US policy in Asia heads from bad to worse
12 Feb 2019|

If the past year is any indication of the year ahead, US policy in Asia will be erratic and self-serving. The beginnings of an Indo-Pacific strategy notwithstanding, the Trump administration continues to work out its issues with countries in the region bilaterally and sporadically.

Donald Trump’s trade confrontation with China is yet to produce a negotiated solution. The challenge is structural and no amount of Chinese promises to ‘buy American’ will fix the underlying problems.

The challenge posed by Chinese companies is felt far beyond the US government. The Department of Justice’s enforcement of US law on companies accused of commercial espionage and cyber theft is only strengthening. Beyond the high-profile detention in Canada and pending extradition of Huawei’s CFO Meng Wanzhou, numerous indictments of Chinese companies are being pursued.

Without real change in Beijing’s enforcement of intellectual property theft, simply shifting the trade balance towards a more favourable direction for the United States will be insufficient to address the economic strain.

Trump’s approach to China is not only about commerce. Vice President Mike Pence’s speech in October made that clear. A wide-ranging critique of China’s behaviour in the US and efforts to expand its influence abroad, the speech was welcomed by some in Asia as evidence that the US is ready to stand up to China.

But across the Indo-Pacific a more openly pugilistic US relationship with China unsettles nerves. Is it a ‘new cold war’? Not yet, but the US and China are clearly on a deeply contentious path. It’s an open question whether Washington is up to the challenge of engaging in sustained, strategic competition with Beijing and whether it can maintain the like-minded regional coalition that will be necessary.

A second challenge for Washington is realising the promise of threat reduction claimed by Trump and North Korean leader Kim Jong-un in Singapore. The president is fond of declaring his administration’s diplomacy with Kim a success, but his own intelligence agencies disagree that North Korea is prepared to denuclearise.

Over the past year, to be sure, there were no missile or nuclear tests. Yet there was also no progress in getting Pyongyang to catalogue its nuclear and missile facilities or to open its production sites for international inspection. The on-again, off-again diplomacy to set up a second summit suggested a major setback. But Trump and Kim will now meet in Vietnam on 27 and 28 February.

Perhaps the most pervasive problem for US foreign-policymakers is not the behaviour of other global actors, in Asia or elsewhere. Crippling divisions within the Trump administration itself, and between the administration and the legislative and judicial branches of the US government, could make any attempt to marshal US resources into foreign relations almost impossible.

With the government shutdown, the Mueller investigation and its criminal indictments, and the increased scrutiny of Congress on the administration, it will be a year of domestic entanglement for the president and his White House.

The foreign policy consequences of this domestic turbulence cannot be overlooked. Already, the Trump administration’s decision-making has led to the loss of advisers with critical foreign policy expertise, such as former defence secretary Jim Mattis. There also seems to be a much-diminished capacity within the White House for organised intra-agency debate over US strategic priorities.

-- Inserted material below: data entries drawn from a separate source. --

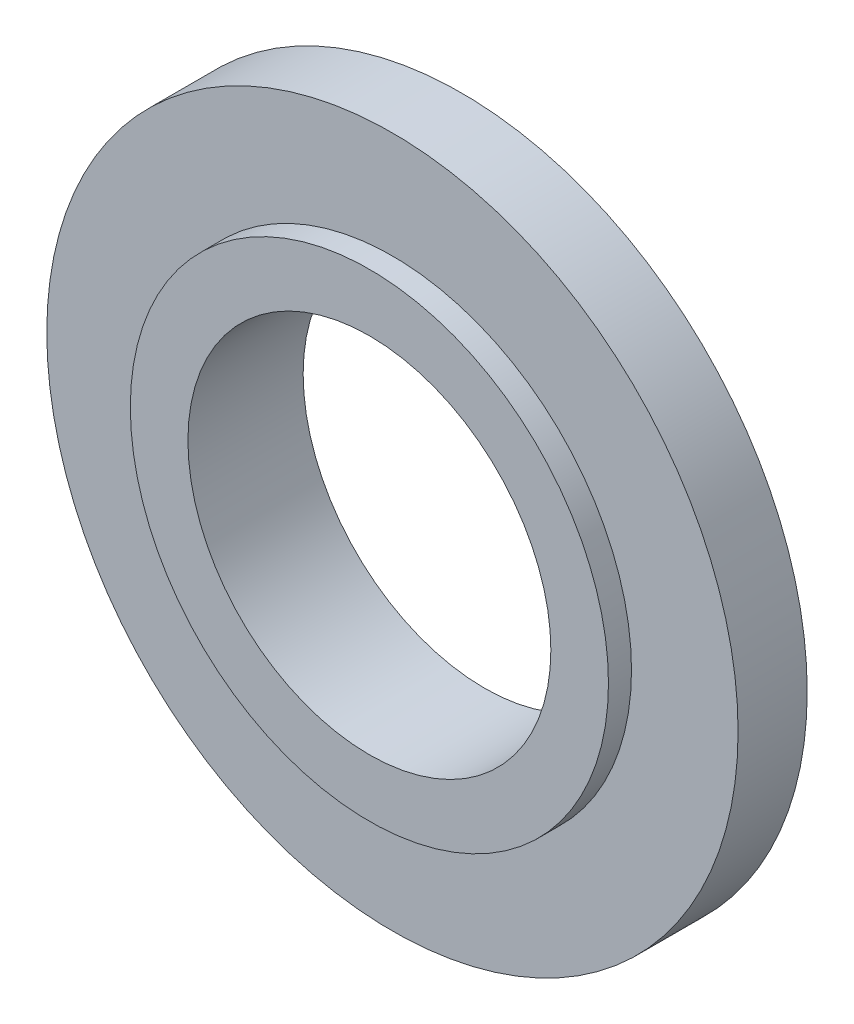
ISO-10303-21;
HEADER;
FILE_DESCRIPTION(('STEP AP214'),'2;1');
FILE_NAME('part.step','',(''),(''),'','','');
FILE_SCHEMA(('AUTOMOTIVE_DESIGN { 1 0 10303 214 1 1 1 1 }'));
ENDSEC;
DATA;
#1=APPLICATION_CONTEXT('core data for automotive mechanical design processes');
#2=APPLICATION_PROTOCOL_DEFINITION('international standard','automotive_design',2000,#1);
#3=PRODUCT_CONTEXT('',#1,'mechanical');
#4=PRODUCT('Part','Part','',(#3));
#5=PRODUCT_RELATED_PRODUCT_CATEGORY('part','',(#4));
#6=PRODUCT_DEFINITION_FORMATION('','',#4);
#7=PRODUCT_DEFINITION_CONTEXT('part definition',#1,'design');
#8=PRODUCT_DEFINITION('design','',#6,#7);
#9=PRODUCT_DEFINITION_SHAPE('','',#8);
#10=(LENGTH_UNIT() NAMED_UNIT(*) SI_UNIT(.MILLI.,.METRE.));
#11=(NAMED_UNIT(*) PLANE_ANGLE_UNIT() SI_UNIT($,.RADIAN.));
#12=(NAMED_UNIT(*) SI_UNIT($,.STERADIAN.) SOLID_ANGLE_UNIT());
#13=UNCERTAINTY_MEASURE_WITH_UNIT(LENGTH_MEASURE(1.E-05),#10,'distance_accuracy_value','');
#14=(GEOMETRIC_REPRESENTATION_CONTEXT(3) GLOBAL_UNCERTAINTY_ASSIGNED_CONTEXT((#13)) GLOBAL_UNIT_ASSIGNED_CONTEXT((#10,
#11,#12)) REPRESENTATION_CONTEXT('',''));
#15=CARTESIAN_POINT('',(0.,0.,0.));
#16=DIRECTION('',(0.,0.,1.));
#17=DIRECTION('',(1.,0.,0.));
#18=AXIS2_PLACEMENT_3D('',#15,#16,#17);
#19=CARTESIAN_POINT('',(0.,0.,0.));
#20=DIRECTION('',(0.,0.,1.));
#21=DIRECTION('',(1.,0.,0.));
#22=AXIS2_PLACEMENT_3D('',#19,#20,#21);
#23=PLANE('',#22);
#24=CARTESIAN_POINT('',(0.,0.,0.));
#25=DIRECTION('',(0.,0.,1.));
#26=DIRECTION('',(1.,0.,0.));
#27=AXIS2_PLACEMENT_3D('',#24,#25,#26);
#28=CIRCLE('',#27,3.15);
#29=CARTESIAN_POINT('',(3.15,0.,0.));
#30=VERTEX_POINT('',#29);
#31=EDGE_CURVE('E39',#30,#30,#28,.T.);
#32=ORIENTED_EDGE('',*,*,#31,.T.);
#33=EDGE_LOOP('',(#32));
#34=FACE_BOUND('',#33,.T.);
#35=CARTESIAN_POINT('',(0.,0.,0.));
#36=DIRECTION('',(0.,0.,1.));
#37=DIRECTION('',(1.,0.,0.));
#38=AXIS2_PLACEMENT_3D('',#35,#36,#37);
#39=CIRCLE('',#38,4.15);
#40=CARTESIAN_POINT('',(4.15,0.,0.));
#41=VERTEX_POINT('',#40);
#42=EDGE_CURVE('E60',#41,#41,#39,.T.);
#43=ORIENTED_EDGE('',*,*,#42,.F.);
#44=EDGE_LOOP('',(#43));
#45=FACE_BOUND('',#44,.T.);
#46=ADVANCED_FACE('F35',(#34,#45),#23,.F.);
#47=CARTESIAN_POINT('',(0.,0.,2.));
#48=DIRECTION('',(0.,0.,1.));
#49=DIRECTION('',(1.,0.,0.));
#50=AXIS2_PLACEMENT_3D('',#47,#48,#49);
#51=PLANE('',#50);
#52=CARTESIAN_POINT('',(0.,0.,2.));
#53=DIRECTION('',(0.,0.,1.));
#54=DIRECTION('',(1.,0.,0.));
#55=AXIS2_PLACEMENT_3D('',#52,#53,#54);
#56=CIRCLE('',#55,3.15);
#57=CARTESIAN_POINT('',(3.15,0.,2.));
#58=VERTEX_POINT('',#57);
#59=EDGE_CURVE('E10',#58,#58,#56,.T.);
#60=ORIENTED_EDGE('',*,*,#59,.F.);
#61=EDGE_LOOP('',(#60));
#62=FACE_BOUND('',#61,.T.);
#63=CARTESIAN_POINT('',(0.,0.,2.));
#64=DIRECTION('',(0.,0.,1.));
#65=DIRECTION('',(1.,0.,0.));
#66=AXIS2_PLACEMENT_3D('',#63,#64,#65);
#67=CIRCLE('',#66,4.15);
#68=CARTESIAN_POINT('',(4.15,0.,2.));
#69=VERTEX_POINT('',#68);
#70=EDGE_CURVE('E51',#69,#69,#67,.T.);
#71=ORIENTED_EDGE('',*,*,#70,.T.);
#72=EDGE_LOOP('',(#71));
#73=FACE_BOUND('',#72,.T.);
#74=ADVANCED_FACE('F75',(#62,#73),#51,.T.);
#75=CARTESIAN_POINT('',(0.,0.,2.));
#76=DIRECTION('',(0.,0.,-1.));
#77=DIRECTION('',(-1.,0.,0.));
#78=AXIS2_PLACEMENT_3D('',#75,#76,#77);
#79=CYLINDRICAL_SURFACE('',#78,6.);
#80=CARTESIAN_POINT('',(0.,0.,0.4));
#81=DIRECTION('',(0.,0.,1.));
#82=DIRECTION('',(1.,0.,0.));
#83=AXIS2_PLACEMENT_3D('',#80,#81,#82);
#84=CIRCLE('',#83,6.);
#85=CARTESIAN_POINT('',(6.,0.,0.4));
#86=VERTEX_POINT('',#85);
#87=EDGE_CURVE('E54',#86,#86,#84,.T.);
#88=ORIENTED_EDGE('',*,*,#87,.T.);
#89=EDGE_LOOP('',(#88));
#90=FACE_BOUND('',#89,.T.);
#91=CARTESIAN_POINT('',(0.,0.,1.6));
#92=DIRECTION('',(0.,0.,1.));
#93=DIRECTION('',(1.,0.,0.));
#94=AXIS2_PLACEMENT_3D('',#91,#92,#93);
#95=CIRCLE('',#94,6.);
#96=CARTESIAN_POINT('',(6.,0.,1.6));
#97=VERTEX_POINT('',#96);
#98=EDGE_CURVE('E46',#97,#97,#95,.T.);
#99=ORIENTED_EDGE('',*,*,#98,.F.);
#100=EDGE_LOOP('',(#99));
#101=FACE_BOUND('',#100,.T.);
#102=ADVANCED_FACE('F37',(#90,#101),#79,.T.);
#103=CARTESIAN_POINT('',(0.,0.,2.));
#104=DIRECTION('',(0.,0.,-1.));
#105=DIRECTION('',(-1.,0.,0.));
#106=AXIS2_PLACEMENT_3D('',#103,#104,#105);
#107=CYLINDRICAL_SURFACE('',#106,3.15);
#108=ORIENTED_EDGE('',*,*,#59,.T.);
#109=EDGE_LOOP('',(#108));
#110=FACE_BOUND('',#109,.T.);
#111=ORIENTED_EDGE('',*,*,#31,.F.);
#112=EDGE_LOOP('',(#111));
#113=FACE_BOUND('',#112,.T.);
#114=ADVANCED_FACE('F83',(#110,#113),#107,.F.);
#115=CARTESIAN_POINT('',(0.,0.,1.6));
#116=DIRECTION('',(0.,0.,1.));
#117=DIRECTION('',(1.,0.,0.));
#118=AXIS2_PLACEMENT_3D('',#115,#116,#117);
#119=PLANE('',#118);
#120=CARTESIAN_POINT('',(0.,0.,1.6));
#121=DIRECTION('',(0.,0.,1.));
#122=DIRECTION('',(1.,0.,0.));
#123=AXIS2_PLACEMENT_3D('',#120,#121,#122);
#124=CIRCLE('',#123,4.15);
#125=CARTESIAN_POINT('',(4.15,0.,1.6));
#126=VERTEX_POINT('',#125);
#127=EDGE_CURVE('E50',#126,#126,#124,.T.);
#128=ORIENTED_EDGE('',*,*,#127,.F.);
#129=EDGE_LOOP('',(#128));
#130=FACE_BOUND('',#129,.T.);
#131=ORIENTED_EDGE('',*,*,#98,.T.);
#132=EDGE_LOOP('',(#131));
#133=FACE_BOUND('',#132,.T.);
#134=ADVANCED_FACE('F86',(#130,#133),#119,.T.);
#135=CARTESIAN_POINT('',(0.,0.,1.6));
#136=DIRECTION('',(0.,0.,1.));
#137=DIRECTION('',(1.,0.,0.));
#138=AXIS2_PLACEMENT_3D('',#135,#136,#137);
#139=CYLINDRICAL_SURFACE('',#138,4.15);
#140=ORIENTED_EDGE('',*,*,#127,.T.);
#141=EDGE_LOOP('',(#140));
#142=FACE_BOUND('',#141,.T.);
#143=ORIENTED_EDGE('',*,*,#70,.F.);
#144=EDGE_LOOP('',(#143));
#145=FACE_BOUND('',#144,.T.);
#146=ADVANCED_FACE('F89',(#142,#145),#139,.T.);
#147=CARTESIAN_POINT('',(0.,0.,0.4));
#148=DIRECTION('',(0.,0.,1.));
#149=DIRECTION('',(1.,0.,0.));
#150=AXIS2_PLACEMENT_3D('',#147,#148,#149);
#151=PLANE('',#150);
#152=ORIENTED_EDGE('',*,*,#87,.F.);
#153=EDGE_LOOP('',(#152));
#154=FACE_BOUND('',#153,.T.);
#155=CARTESIAN_POINT('',(0.,0.,0.4));
#156=DIRECTION('',(0.,0.,1.));
#157=DIRECTION('',(1.,0.,0.));
#158=AXIS2_PLACEMENT_3D('',#155,#156,#157);
#159=CIRCLE('',#158,4.15);
#160=CARTESIAN_POINT('',(4.15,0.,0.4));
#161=VERTEX_POINT('',#160);
#162=EDGE_CURVE('E59',#161,#161,#159,.T.);
#163=ORIENTED_EDGE('',*,*,#162,.T.);
#164=EDGE_LOOP('',(#163));
#165=FACE_BOUND('',#164,.T.);
#166=ADVANCED_FACE('F66',(#154,#165),#151,.F.);
#167=CARTESIAN_POINT('',(0.,0.,0.4));
#168=DIRECTION('',(0.,0.,-1.));
#169=DIRECTION('',(-1.,0.,0.));
#170=AXIS2_PLACEMENT_3D('',#167,#168,#169);
#171=CYLINDRICAL_SURFACE('',#170,4.15);
#172=ORIENTED_EDGE('',*,*,#162,.F.);
#173=EDGE_LOOP('',(#172));
#174=FACE_BOUND('',#173,.T.);
#175=ORIENTED_EDGE('',*,*,#42,.T.);
#176=EDGE_LOOP('',(#175));
#177=FACE_BOUND('',#176,.T.);
#178=ADVANCED_FACE('F68',(#174,#177),#171,.T.);
#179=CLOSED_SHELL('',(#46,#74,#102,#114,#134,#146,#166,#178));
#180=MANIFOLD_SOLID_BREP('B2',#179);
#181=ADVANCED_BREP_SHAPE_REPRESENTATION('',(#18,#180),#14);
#182=SHAPE_DEFINITION_REPRESENTATION(#9,#181);
ENDSEC;
END-ISO-10303-21;

Some think that the president is now more empowered to act in line with his ambitions, and so foreign policy will become more aligned with his ‘America First’ premise. Perhaps that’s true. But even if there are fewer experts in the government to challenge Trump’s vision, he will still have to implement his goals. And that may become more difficult than ever.

Frustrations at home could just as easily produce even more brittle and reactive decision-making by the president, making it impossible to reach or implement meaningful agreements with others around the globe. Also worrisome is that, with all this domestic contest, the Trump administration will be overly eager to create evidence of foreign policy successes. Prematurely declaring victory in the trade war with China or in negotiations with North Korea could leave the region, and the globe, less stable.

As former deputy secretary of state Antony Blinken pointed out, for all the Trump administration’s breathless talk of crises, the president has yet to face a real challenge to US interests. A crisis could expose the administration’s haphazard decision-making procedures and its intragovernmental divisions. Congress is growing more active in trying to assert its role in a crisis, with some members proposing limits on the president’s use of nuclear weapons.

US success in mitigating strategic tensions with China is unlikely, and no US president has yet found the magic solution to persuading Pyongyang to abandon its nuclear quest.

Nor does Washington seem well placed to assist its friends and allies with their own problems. Of particular concern is the deteriorating relationship between Japan and South Korea. This is a moment that cries out for diplomatic assistance from countries like the US, which see what the heightened risk of a military clash could mean for the future of Northeast Asia.

Add to that the alarming signs that Trump really does want to step back from US treaty commitments to allies in NATO, South Korea and perhaps even Japan, and 2019 could end up being a far bigger watershed in US policy towards Asia than anyone cares to imagine.